Snowplow has the concept of upfront data validation: you get to decide what your data should look like, and data that does not match your definitions is classified as "bad data". Detailed information on the different failure types can be found in the technical documentation.
This bad data is not simply dropped, but rather loaded into dedicated locations so you can understand what went wrong and how your tracking implementation or your data structure definitions need to be updated to resolve the issue. This approach ensures you don't need to waste time cleaning data but can instead rely on Snowplow delivering only the highest quality data to you.
Snowplow BDP comes with a dedicated failed events monitoring tool, you can take a look at it in the documentation. With Try Snowplow, failed events are loaded into a
badrows schema for monitoring and analysing. This recipe will teach you how to access and understand any bad Snowplow data you might have collected.
What you'll be doing
Checking if you have bad data
You can see the different bad data tables by running the following query:
SELECT * FROM information_schema.tables
WHERE table_schema = 'badrows';
Please note that not all bad data is actually a source of concern. For example, if you navigate directly to your collector endpoint, you will generate a bad request. Therefore, certain types of bad events can be ignored. For more detail on the different failure types, check out the technical documentation.
In this recipe, you will focus on schema violations, i.e. errors that occur because data is not tracked as expected. To check if you already have any existing schema violations, you can run the following query:
SELECT COUNT(*) AS bad_events FROM badrows.com_snowplowanalytics_snowplow_badrows_schema_violations_2;
Please note that an issue with an entity attached to an event will cause the entire event to fail.
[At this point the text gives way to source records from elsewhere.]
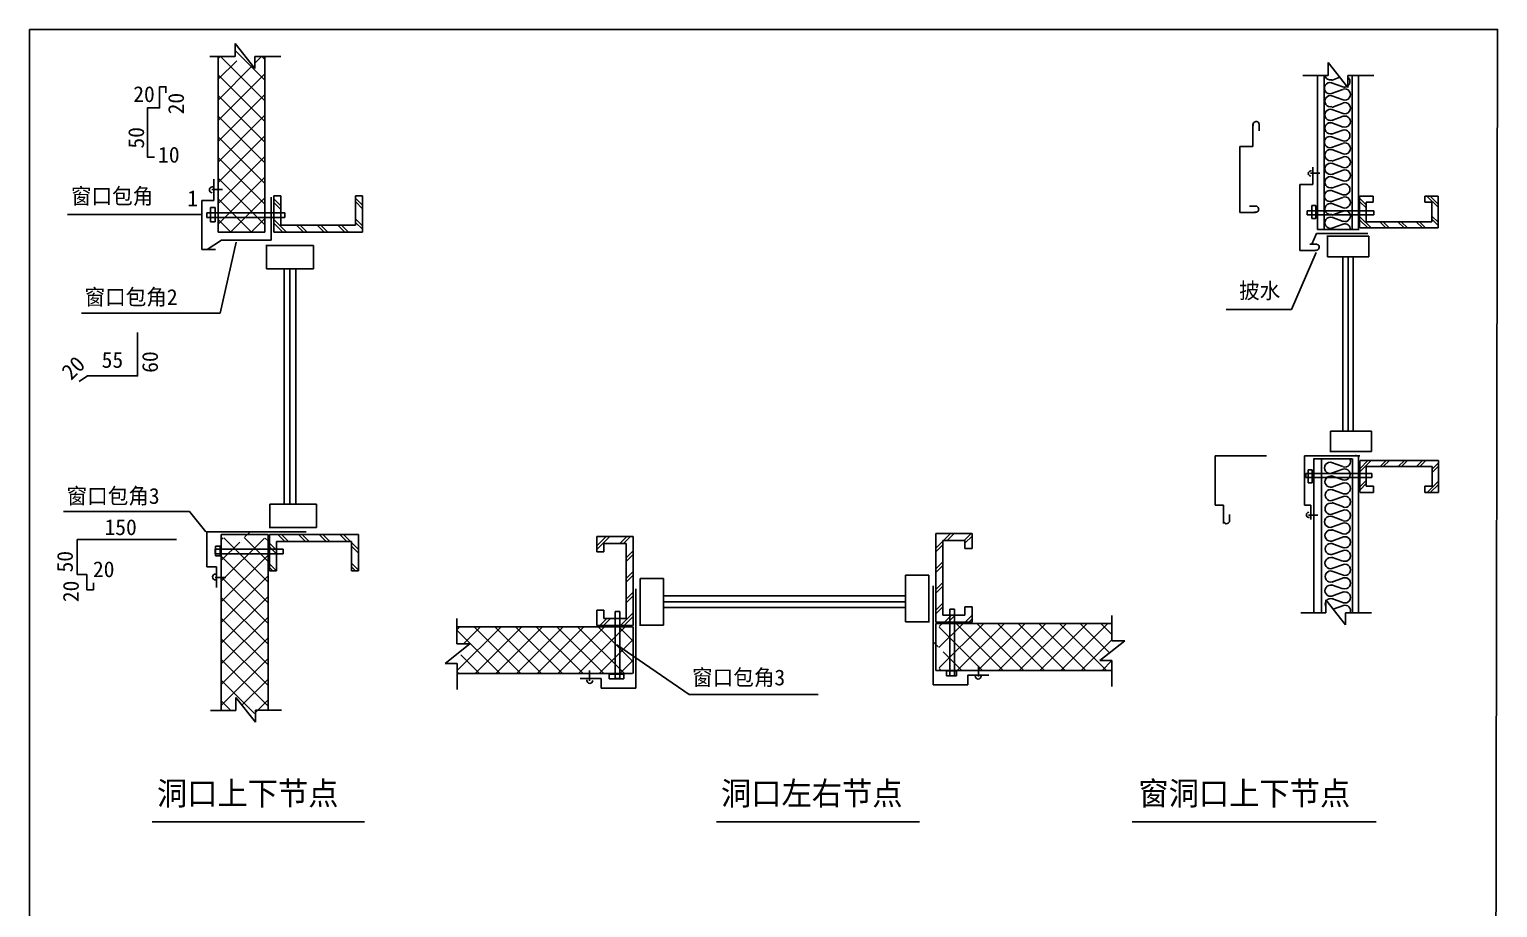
# Model space of a CAD drawing. Header units: metres. Extents: x 874 to 1096, y 466 to 764.
# Drawn here: x 873.6 to 1096.3, y 630.4 to 763.6 of the extents above; entities that cross this region are included whole.
import ezdxf

# ---------------------------------------------------------------- set-up
doc = ezdxf.new("R2010")
doc.units = ezdxf.units.M
doc.layers.add('2', color=1, linetype='Continuous')
doc.layers.add('5', color=7, linetype='Continuous')

msp = doc.modelspace()

# ---------------------------------------------------------------- linework, layer by layer
for p, q in [((904.85, 761.49), (907.81, 757.73)), ((904.85, 759.53), (904.85, 761.49)), ((901.01, 759.53), (904.85, 759.53)), ((902.23, 746.09), (902.23, 759.55)), ((902.23, 759.21), (902.54, 759.51)), ((902.62, 759.51), (909.33, 752.8)), ((904.85, 760.42), (909.33, 755.94)), ((907.81, 757.73), (907.81, 759.55)), ((907.81, 759.55), (911.75, 759.55)), ((907.81, 758.51), (908.79, 759.49)), ((908.92, 759.49), (909.33, 759.07)), ((909.33, 732.87), (909.33, 759.49)), ((902.23, 756.07), (905.06, 758.89)), ((902.23, 752.93), (907.47, 758.17)), ((1070.57, 758.6), (1073.53, 754.84)), ((1070.57, 756.64), (1070.57, 758.6)), ((902.23, 749.8), (909.33, 756.89)), ((902.23, 756.76), (909.33, 749.66)), ((1066.74, 756.64), (1070.57, 756.64)), ((1069.95, 756.6), (1069.95, 733.27)), ((1072.32, 756.38), (1071.06, 755.91)), ((1072.79, 754.91), (1071.06, 755.55)), ((1073.53, 754.84), (1073.53, 756.66)), ((1073.53, 756.66), (1077.48, 756.66)), ((1075.17, 756.6), (1075.17, 733.19)), ((902.23, 746.66), (909.33, 753.76)), ((902.23, 753.62), (909.33, 746.53)), ((1072.79, 754.53), (1071.06, 753.9)), ((1072.85, 752.95), (1071.12, 753.58)), ((902.23, 743.52), (909.33, 750.62)), ((902.23, 750.49), (909.33, 743.39)), ((1071.06, 751.89), (1071.06, 751.89)), ((1072.85, 752.44), (1071.12, 751.81)), ((1072.85, 750.88), (1071.12, 751.51)), ((1072.85, 750.47), (1071.12, 749.83)), ((1072.79, 748.37), (1071.06, 747.73)), ((1072.85, 748.83), (1071.12, 749.47)), ((902.23, 740.39), (909.33, 747.48)), ((902.23, 747.35), (909.33, 740.25)), ((902.23, 732.87), (902.23, 746.09)), ((1072.79, 746.73), (1071.06, 747.36)), ((1072.79, 746.35), (1071.06, 745.71)), ((902.23, 737.25), (909.33, 744.35)), ((902.23, 744.22), (909.33, 737.12)), ((1071.06, 743.71), (1071.06, 743.71)), ((1072.85, 744.76), (1071.12, 745.4)), ((1072.85, 744.26), (1071.12, 743.63)), ((1067.9, 741.83), (1069.3, 741.83)), ((1072.85, 742.69), (1071.12, 743.33)), ((1072.85, 742.29), (1071.12, 741.65)), ((901.3, 739.37), (902.9, 739.37)), ((901.6, 740.9), (901.6, 737.69)), ((902.23, 734.11), (909.33, 741.21)), ((902.23, 741.08), (909.33, 733.98)), ((1072.79, 740.18), (1071.06, 739.55)), ((1072.85, 740.65), (1071.12, 741.29)), ((901.6, 737.69), (899.77, 737.69)), ((899.77, 737.69), (899.77, 730.23)), ((902.23, 737.94), (907.3, 732.87)), ((904.13, 732.87), (909.33, 738.07)), ((910.31, 738.21), (910.31, 731.64)), ((910.67, 738.38), (911.74, 738.38)), ((910.67, 732.88), (910.67, 738.38)), ((910.67, 737.93), (911.74, 736.87)), ((910.67, 737.38), (911.74, 736.32)), ((911.74, 733.94), (911.74, 738.38)), ((923.09, 738.38), (923.09, 733.94)), ((923.09, 738.38), (924.16, 738.38)), ((923.09, 738.06), (924.16, 737)), ((923.09, 737.51), (924.16, 736.44)), ((924.16, 738.38), (924.16, 732.88)), ((1072.79, 738.55), (1071.06, 739.18)), ((1072.79, 738.16), (1071.06, 737.53)), ((1072.85, 736.58), (1071.12, 737.22)), ((1075.34, 733.53), (1075.34, 738.37)), ((1075.38, 738.36), (1077.41, 738.36)), ((1075.38, 737.97), (1076.31, 737.03)), ((1075.38, 737.48), (1076.31, 736.55)), ((1076.31, 734.46), (1076.31, 737.42)), ((1076.31, 737.42), (1077.41, 737.42)), ((1077.41, 738.36), (1077.41, 737.42)), ((1085.21, 738.36), (1085.21, 737.42)), ((1085.21, 738.36), (1087.24, 738.36)), ((1085.21, 737.42), (1086.31, 737.42)), ((1085.54, 738.36), (1087.24, 736.66)), ((1086.03, 738.36), (1087.24, 737.14)), ((1086.31, 737.42), (1086.31, 734.46)), ((1087.24, 738.36), (1087.24, 733.52)), ((888.86, 735.55), (879.38, 735.55)), ((899.67, 735.55), (888.86, 735.55)), ((902.23, 734.81), (904.16, 732.87)), ((907.27, 732.87), (909.33, 734.94)), ((910.67, 734.8), (912.59, 732.88)), ((923.09, 734.92), (924.16, 733.86)), ((1071.06, 735.53), (1071.06, 735.53)), ((1072.85, 736.08), (1071.12, 735.44)), ((1072.85, 734.51), (1071.12, 735.15)), ((1075.38, 735.21), (1077.07, 733.52)), ((1086.31, 735.32), (1087.24, 734.38)), ((1086.31, 734.83), (1087.24, 733.9)), ((902.23, 732.87), (909.33, 732.87)), ((910.67, 734.24), (912.04, 732.88)), ((924.16, 732.88), (910.67, 732.88)), ((923.09, 733.94), (911.74, 733.94)), ((914.11, 733.94), (915.17, 732.88)), ((914.66, 733.94), (915.73, 732.88)), ((917.25, 733.94), (918.31, 732.88)), ((917.8, 733.94), (918.86, 732.88)), ((920.38, 733.94), (921.45, 732.88)), ((920.94, 733.94), (922, 732.88)), ((923.09, 734.37), (924.16, 733.31)), ((1072.85, 734.1), (1071.12, 733.47)), ((1075.38, 734.72), (1076.58, 733.52)), ((1087.24, 733.52), (1075.38, 733.52)), ((1086.31, 734.46), (1076.31, 734.46)), ((1078.4, 734.46), (1079.34, 733.52)), ((1078.89, 734.46), (1079.83, 733.52)), ((1081.16, 734.46), (1082.1, 733.52)), ((1081.65, 734.46), (1082.59, 733.52)), ((1083.92, 734.46), (1084.86, 733.52)), ((1084.41, 734.46), (1085.35, 733.52)), ((902.74, 731.64), (900.56, 730.23)), ((904.96, 731.37), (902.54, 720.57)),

More information on Snowplow's events and entities can be found here.
Generating bad data (optional)
If you do not have any bad data yet, you can send some on purpose to see what it looks like. For example, you could send an event with a schema that does not exist:
"example_field": "This is a bad data test!"
Alternatively, if you have already implemented one of the recipes that involve implementing a custom event or entity, you could try updating the tracking code to purposefully cause bad data. For example, if you have instrumented the marketing attribution recipe, you could change the conversion event, either by sending an incorrect type for one property:
"value": "10" // this is meant to be an integer
Or by making a property larger than allowed:
"name": "This property is only meant to be 255 characters long. When you send a value that is longer, the event will fail validation and end up as a bad event. In this case that is on purpose, as an exercise to understand Snowplow's concept of bad data. In real life, bad data typically means you need to either update your data structure definitions or your tracking code to resolve the issue."
The custom event in this example does not have any required properties, but if the event you have already instrumented does, you can also try omitting those.
Understanding your bad data
Once you have confirmed you have bad data, you want to understand what it means and where it comes from. The following query shows you how many bad events you have by schema (data structure) and error type:
"failure.messages"->0->'error'->'error' AS error,
"failure.messages"->0->'schemaKey' AS schema,
count(*) AS bad_events
GROUP BY 1,2
ORDER BY 3 DESC
Common error types include:
- Resolution errors: the schema cannot be found
- Validation errors: a property in the event or entity does not match its definition in the schema, or is not defined in the schema at all
Other useful fields in this table are:
"payload.enriched.collector_tstamp": the time at which the event was collected
"payload.enriched.unstruct_event": the custom event payload
"payload.enriched.contexts": the entities payload
"payload.raw.parameters": the entire request payload
This information allows you to understand where these bad events are being generated, and therefore to resolve the issue and ensure that you are collecting high quality data you can trust.
Learn more about how Snowplow processes data
This recipe has focused on understanding bad data resulting from tracking issues. However, as part of pipeline processing events aren't just validated, they are also enriched. Enrichment allows you to add more information to each event in real time, based on first and third party sources. But the enrichment process can also lead to failed events, for example when an API that is being called is not available.
Try Snowplow comes with a set of standard enrichments enabled out of the box:
- Campaign attribution
- Referer parser
- UA parser
- PII Pseudonymization
To see the full list of enrichments available with Snowplow BDP, including the customizable enrichments, check out the documentation.